Another favorite Democratic vote-getter is also in
play: raising the minimum wage. This is a policy that’s
consistently supported by more than 9 in 10 voters, so
it’s no surprise that Republican governors are joining in
by advocating higher minimum wages, too. “The ideology
that binds Republican governors is getting things done
for their constituents,” says the executive director of
the Republican Governors’ Association.
Problem-solving pragmatism has always played
well in America, but it dangerously suggests that solving
social problems is easy: just pass a law intended to
solve the problem. This can-do attitude ignores the
ways a complex world may frustrate the best intentions.
Advocates of the minimum wage, for example, overlook
the counterintuitive teaching of economists: that
if employers are forced to pay employees more than
the employees can produce, the employers will have
to hire fewer employees (see Bryan Caplan’s “Straight Talk about Economic Illiteracy”).
The public has never agreed with the conservative
repudiation of economic regulations, and the same goes
for the conservative repudiation of social programs. In
recent years President Bush tried, and miserably failed, to
privatize Social Security: the public opposed Bush all the
way. When he mentioned Social Security during his last
State of the Union address, the Democrats rose in a derisive
standing ovation, so grateful were they for his help
in boosting their popularity by giving them the chance to
oppose privatization. Meanwhile, the Republicans did
pass an enormously expensive new government entitlement,
the Medicare prescription-drug benefit — supported
by more than 90 percent of the public.
Economic conservatives make complicated arguments
about the counterproductive effects (such as
unemployment) of well-intentioned government policies
(such as the minimum wage). These arguments may
be right or they may be wrong, but most members of
the public have never even heard them, any more than
have most students at the best colleges in America.

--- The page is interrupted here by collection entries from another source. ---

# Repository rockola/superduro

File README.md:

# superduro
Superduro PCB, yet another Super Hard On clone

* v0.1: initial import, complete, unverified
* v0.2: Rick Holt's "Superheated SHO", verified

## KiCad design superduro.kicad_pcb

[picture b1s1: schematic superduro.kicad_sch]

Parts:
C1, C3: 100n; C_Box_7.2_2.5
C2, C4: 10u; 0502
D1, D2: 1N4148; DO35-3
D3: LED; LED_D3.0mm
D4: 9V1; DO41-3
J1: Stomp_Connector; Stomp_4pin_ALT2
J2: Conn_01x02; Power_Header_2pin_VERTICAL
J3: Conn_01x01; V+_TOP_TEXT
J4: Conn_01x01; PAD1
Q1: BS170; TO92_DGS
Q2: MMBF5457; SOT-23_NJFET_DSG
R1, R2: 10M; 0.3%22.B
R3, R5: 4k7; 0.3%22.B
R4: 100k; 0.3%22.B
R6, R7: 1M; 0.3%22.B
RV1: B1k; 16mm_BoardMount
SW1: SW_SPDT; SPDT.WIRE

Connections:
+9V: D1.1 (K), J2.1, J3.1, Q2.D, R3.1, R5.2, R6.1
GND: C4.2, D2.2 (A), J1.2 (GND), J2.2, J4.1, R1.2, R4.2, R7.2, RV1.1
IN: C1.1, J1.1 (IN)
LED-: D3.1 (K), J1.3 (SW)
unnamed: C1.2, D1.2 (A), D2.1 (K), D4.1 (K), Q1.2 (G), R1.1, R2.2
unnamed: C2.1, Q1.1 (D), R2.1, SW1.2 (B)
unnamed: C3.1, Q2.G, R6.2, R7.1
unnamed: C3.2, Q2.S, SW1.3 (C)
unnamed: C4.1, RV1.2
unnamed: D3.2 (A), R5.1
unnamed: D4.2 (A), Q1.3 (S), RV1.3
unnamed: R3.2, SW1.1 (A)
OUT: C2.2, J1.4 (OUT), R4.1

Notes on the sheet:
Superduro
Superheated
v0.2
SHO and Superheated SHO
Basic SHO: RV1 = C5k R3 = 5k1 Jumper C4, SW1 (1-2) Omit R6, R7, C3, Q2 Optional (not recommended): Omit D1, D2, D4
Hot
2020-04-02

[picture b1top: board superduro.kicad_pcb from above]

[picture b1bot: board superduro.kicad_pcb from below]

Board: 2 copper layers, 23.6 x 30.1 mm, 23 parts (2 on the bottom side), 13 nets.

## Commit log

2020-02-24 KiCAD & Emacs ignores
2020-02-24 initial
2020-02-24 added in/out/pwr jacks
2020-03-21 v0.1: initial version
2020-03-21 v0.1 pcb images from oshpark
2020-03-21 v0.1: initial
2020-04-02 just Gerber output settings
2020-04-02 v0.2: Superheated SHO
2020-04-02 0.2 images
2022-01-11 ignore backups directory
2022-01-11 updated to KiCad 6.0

How likely is it, then, that many members of the public
would support economic conservatism?
Now we’re getting down to the most fundamental
problem with equating Republican votes with conservative
votes: public ignorance.
The political-science literature has long emphasized
the almost unfathomable level of public ignorance.
Most people have no idea what the First Amendment
says, they don’t know the names of their congressional
representatives, they’ve never heard of any members of
the Supreme Court, and so on. Seventy-four percent
of the public can identify the Three Stooges, but only
42 percent can identify the three branches of government.
In 1994, when Republicans took control of the
House — supposedly because of another public “turn to
the right” — the reality was that 71 percent of the public
had never even heard of the “Contract with America”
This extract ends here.